This study tests a commercially available silicone gel (3−4680, Dow Corning, Midland, MI) that is soft and elastic, and requires low penetration force. The gel is a polydimethylsiloxane (PDMS) based silicone gel. We have successfully used the silicone gel in extracellular recordings applications involving our MEMS based polysilicon electrodes in a rodent model for a period of over 12 weeks (Jackson et al., 2007). This dural sealant still offers most of the same desirable properties as previous dural substitutes described above. Currently there are no proven dural sealants that allow microelectrodes or brain implants to penetrate or move after the dural sealants are cured. Such a dural sealant will be beneficial in applications with (a) moveable implants (b) implants that need to be removed and re-inserted or repositioned multiple times (c) probes that need to be inserted post-surgery. In this paper we investigate the biocompatibility of this silicone gel, along with CSF leakage tests, and penetration force tests.

2. Material and methods

2.1 Dural substitute

The silicone gel that is being tested in this paper as a dural sealant is a two-part silicone gel that is commercially available (3−4680, Dow Corning, Midland, MI).
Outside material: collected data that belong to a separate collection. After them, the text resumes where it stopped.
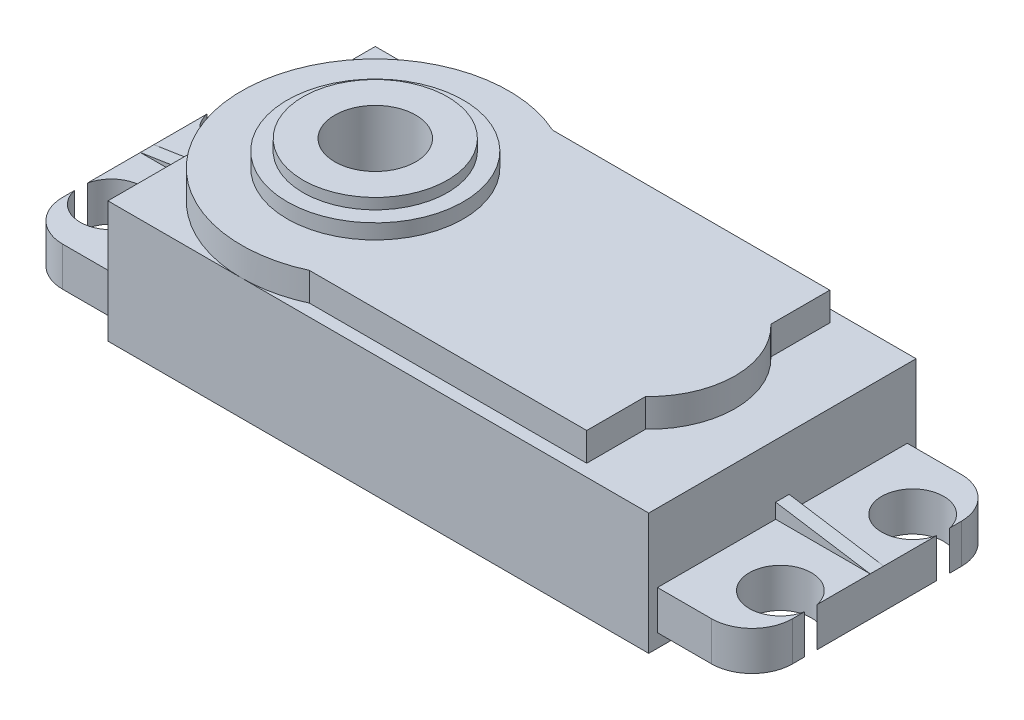
SolidWorks part; units mm, degrees
material "Калифорния"
ref_plane "Спереди" through (0, 0, 0) normal (0, 0, 1) x (1, 0, 0)
ref_plane "Сверху" through (0, 0, 0) normal (0, 1, 0) x (1, 0, 0)
ref_plane "Справа" through (0, 0, 0) normal (1, 0, 0) x (0, 0, -1)
sketch "Эскиз1" plane through (0, 0, 0) normal (0, 1, 0) x (1, 0, 0)
  line L1 (-20.025, -9.9) -> (20.025, -9.9)
  line L2 (-20.025, -9.9) -> (-20.025, 9.9)
  line L3 (-20.025, 9.9) -> (20.025, 9.9)
  line L4 (20.025, -9.9) -> (20.025, 9.9)
  line L5 (-20.025, -9.9) -> (20.025, 9.9) construction
  line L6 (-20.025, 9.9) -> (20.025, -9.9) construction
  point P0 (0, 0)
extrude "Бобышка-Вытянуть1" add sketch "Эскиз1" along normal blind 9
shell "Оболочка1" thickness 1.6
sketch "Эскиз2" plane through (0, 0, 0) normal (0, -1, 0) x (1, 0, 0)
  line L0 (20.025, 9.9) -> (20.025, -9.9) construction
  line L1 (-19.125, -9) -> (19.125, -9)
  line L2 (-19.125, -9) -> (-19.125, 9)
  line L3 (-19.125, 9) -> (19.125, 9)
  line L4 (19.125, -9) -> (19.125, 9)
  line L5 (-19.125, -9) -> (19.125, 9) construction
  line L6 (-19.125, 9) -> (19.125, -9) construction
  line L7 (-20.025, 9.9) -> (20.025, 9.9) construction
  point P0 (0, 0)
  dimension "D1" = 0.9
  dimension "D2" = 0.9
extrude "Вырез-Вытянуть1" cut sketch "Эскиз2" against normal blind 1
sketch "Эскиз3" plane through (0, 9, 0) normal (0, 1, 0) x (1, 0, 0)
  line L0 (-20.025, 9.9) -> (-20.025, -9.9) construction
  line L1 (20.025, 0) -> (16.525, 0) construction
  line L2 (14.5329, 4.6401) -> (14.5329, 9)
  line L3 (20.025, -9.9) -> (20.025, 9.9) construction
  line L4 (14.5329, -9) -> (-6.0007, -9)
  line L5 (14.5329, -9) -> (14.5329, -4.6401)
  line L6 (14.5329, 9) -> (-6.0007, 9)
  arc A0 (-6.0007, 9) -> (-6.0007, -9) centre (-10.125, 0) ccw
  arc A1 (14.5329, -4.6401) -> (14.5329, 4.6401) centre (10.125, 0) ccw
  point P0 (-20.025, 0)
  point P15 (14.5329, 0)
  dimension "D1" = 9.9
extrude "Бобышка-Вытянуть2" add sketch "Эскиз3" along normal blind 2.1
sketch "Эскиз4" plane through (0, 11.1, 0) normal (0, 1, 0) x (1, 0, 0)
  circle A0 centre (-10.125, 0) radius 6.525
extrude "Бобышка-Вытянуть3" add sketch "Эскиз4" along normal blind 1.1
sketch "Эскиз5" plane through (0, 12.2, 0) normal (0, 1, 0) x (1, 0, 0)
  circle A0 centre (-10.125, 0) radius 5.35
extrude "Бобышка-Вытянуть4" add sketch "Эскиз5" along normal blind 0.8
sketch "Эскиз6" plane through (0, 13, 0) normal (0, 1, 0) x (1, 0, 0)
  circle A0 centre (-10.125, 0) radius 3
extrude "Вырез-Вытянуть2" cut sketch "Эскиз6" against normal up to vertex
sketch "Эскиз7" plane through (0, 11.1, 0) normal (0, 1, 0) x (1, 0, 0)
  line L1 (-19, -8.2) -> (19, -8.2) construction
  line L2 (-19, -8.2) -> (-19, 8.2) construction
  line L3 (-19, 8.2) -> (19, 8.2) construction
  line L4 (19, -8.2) -> (19, 8.2) construction
  line L5 (-19, -8.2) -> (19, 8.2) construction
  line L6 (-19, 8.2) -> (19, -8.2) construction
  circle A0 centre (-18.2, 7.4) radius 0.8
  circle A1 centre (18.2, 7.4) radius 0.8
  circle A2 centre (18.2, -7.4) radius 0.8
  circle A3 centre (-18.2, -7.4) radius 0.8
  point P0 (0, 0)
extrude "Вырез-Вытянуть3" cut sketch "Эскиз7" against normal blind 14
sketch "Эскиз8" plane through (0, 7.4, 0) normal (0, -1, 0) x (-1, 0, 0)
  circle A0 centre (18.2, -7.4) radius 1.6
  arc A2 (18.425, -6.6323) -> (18.425, -8.1677) centre (18.2, -7.4) ccw construction
  circle A3 centre (18.2, 7.4) radius 1.6
  circle A4 centre (-18.2, 7.4) radius 1.6
  circle A5 centre (-18.2, -7.4) radius 1.6
  circle A6 centre (-18.2, 7.4) radius 0.8
  circle A7 centre (-18.2, -7.4) radius 0.8
  circle A8 centre (18.2, 7.4) radius 0.8
  circle A9 centre (18.2, -7.4) radius 0.8
  dimension "D1" = 0.8
extrude "Бобышка-Вытянуть5" add sketch "Эскиз8" along normal up to vertex
sketch "Эскиз9" plane through (0, 9, 0) normal (0, 1, 0) x (1, 0, 0)
  circle A0 centre (18.2, 7.4) radius 0.8
  circle A1 centre (18.2, -7.4) radius 0.8
  circle A2 centre (-18.2, -7.4) radius 0.8
  circle A3 centre (-18.2, 7.4) radius 0.8
extrude "Бобышка-Вытянуть6" add sketch "Эскиз9" against normal up to vertex (1.6 mm away)
sketch "Эскиз10" plane through (20.025, 0, 0) normal (1, 0, 0) x (0, 0, -1)
  line L0 (0, 9) -> (0, 1) construction
  line L1 (4.6401, 9) -> (-4.6401, 9) construction
  line L2 (0, 3.9) -> (0, 5) construction
  line L3 (9.25, 1) -> (-9.25, 1)
  line L4 (9.25, 1) -> (9.25, 3.9)
  line L5 (9.25, 3.9) -> (0.5, 3.9)
  line L6 (-9.25, 1) -> (-9.25, 3.9)
  line L7 (-0.5, 3.9) -> (-9.25, 3.9)
  line L9 (-0.5, 3.9) -> (-0.5, 5)
  line L10 (-0.5, 5) -> (0.5, 5)
  line L11 (0.5, 3.9) -> (0.5, 5)
  line L12 (-0.5, 3.9) -> (0.5, 5) construction
  line L13 (-0.5, 5) -> (0.5, 3.9) construction
  point P5 (9.25, 1)
  point P12 (0, 4.45)
  dimension "D1" = 9.25
extrude "Бобышка-Вытянуть7" add sketch "Эскиз10" along normal blind 7
sketch "Эскиз11" plane through (0, 0, 0.5) normal (0, 0, 1) x (1, 0, 0)
  line L0 (20.025, 5) -> (27.025, 3.9)
  line L1 (27.025, 3.9) -> (27.025, 5)
  line L2 (27.025, 5) -> (20.025, 5)
extrude "Вырез-Вытянуть4" cut sketch "Эскиз11" against normal blind 7
sketch "Эскиз12" plane through (0, 3.9, 0) normal (0, 1, 0) x (1, 0, 0)
  line L1 (24.775, -7.2) -> (24.775, -0.5) construction
  line L2 (20.025, -0.5) -> (27.025, -0.5) construction
  line L3 (24.775, 7.2) -> (24.775, 0.5) construction
  line L4 (27.025, 0.5) -> (20.025, 0.5) construction
  circle A0 centre (24.775, -4.9) radius 2.3
  circle A1 centre (24.775, 4.9) radius 2.3
  dimension "D1" = 9.8
  dimension "D2" = 4.6
extrude "Вырез-Вытянуть5" cut sketch "Эскиз12" against normal blind 7
sketch "Эскиз15" plane through (-20.025, 0, 0) normal (-1, 0, 0) x (0, 0, 1)
  line L0 (-0.5, 3.9) -> (-9.25, 3.9)
  line L1 (9.25, 3.9) -> (0.5, 3.9)
  line L2 (9.25, 3.9) -> (9.25, 1)
  line L3 (9.25, 1) -> (-9.25, 1)
  line L4 (-9.25, 3.9) -> (-9.25, 1)
  line L6 (0.5, 3.9) -> (0.5, 5)
  line L7 (0.5, 5) -> (-0.5, 5)
  line L8 (-0.5, 3.9) -> (-0.5, 5)
extrude "Бобышка-Вытянуть8" add sketch "Эскиз15" along normal blind 7
sketch "Эскиз16" plane through (0, 3.9, 0) normal (0, 1, 0) x (1, 0, 0)
  line L0 (24.775, -4.9) -> (24.775, 4.9) construction
  line L4 (-20.025, -4.9) -> (-24.775, -4.9) construction
  line L7 (-20.025, 0) -> (-20.025, -9.9) construction
  line L8 (-20.025, 0.5) -> (-20.025, 9.25) construction
  line L9 (-20.025, 4.9) -> (-24.775, 4.9) construction
  circle A0 centre (-24.775, 4.9) radius 2.3
  circle A1 centre (-24.775, -4.9) radius 2.3
extrude "Вырез-Вытянуть6" cut sketch "Эскиз16" against normal blind 7
fillet "Скругление1" radius 3 4 edges at (-27.025, 2.45, -9.25) (27.025, 2.45, -9.25) (27.025, 2.45, 9.25) (-27.025, 2.45, 9.25)
sketch "Эскиз17" plane through (0, 0, 0.5) normal (0, 0, 1) x (1, 0, 0)
  line L0 (-27.025, 3.9) -> (-20.025, 5)
  line L1 (-20.025, 5) -> (-27.025, 5)
  line L2 (-27.025, 5) -> (-27.025, 3.9)
extrude "Вырез-Вытянуть7" cut sketch "Эскиз17" against normal blind 7

The gel is primarily used for hydrophobic encapsulation of electronic chips. The gel was designed to be soft, to allow test probes to penetrate the encapsulation without loss in watertight sealing. The gel has a tacky property allowing it to re-seal if penetrated or cut and preserving its dimensional integrity, which helps to prevent humidity from entering the chip even after penetration. The above properties make 3−4680 silicone gel an attractive candidate as a dural sealant for moveable or re-implantable microelectrodes in long-term animal experiments. The gel has two parts before mixing - part A, which is clear, and part B, which is bluish in color. The exact compositions of part A and B are proprietary. Once the two-part silicone gel is mixed it takes 15−30 minutes to cure at room temperature. After mixing and curing, the gel is transparent with a bluish tint. Adding a higher concentration of part A causes the gel to be softer, while a higher concentration of part B causes the gel to be harder. The mixtures were stirred thoroughly for 1−3 minutes then applied using a micropipette. All of the concentrations used in the experiments below are reported as a volume ratio.

2.2 Cytotoxicity tests

Cytotoxicity tests were conducted for three different gel compositions (1:1, 1:2, and 2:1 volume ratio) of the gel. The tests were performed using ISO 10993−5 standards (Wallin and Arscott, 1998). NIH 3T3 fibroblast cell lines were cultured in Eagle's minimum essential medium (EMEM, Sigma), on n=2 samples of each concentration of the gel along with 2 samples of control (no gel) in separate standard polystyrene wells. The fibroblasts were then added on top of the gel after the silicone gels had cured. The cells were then placed back in an incubator at 37°C with 5% CO2. After 3 days the cells were examined using a lightfield microscope (Leica Microsystems), and the images were digitally captured using a CCD camera.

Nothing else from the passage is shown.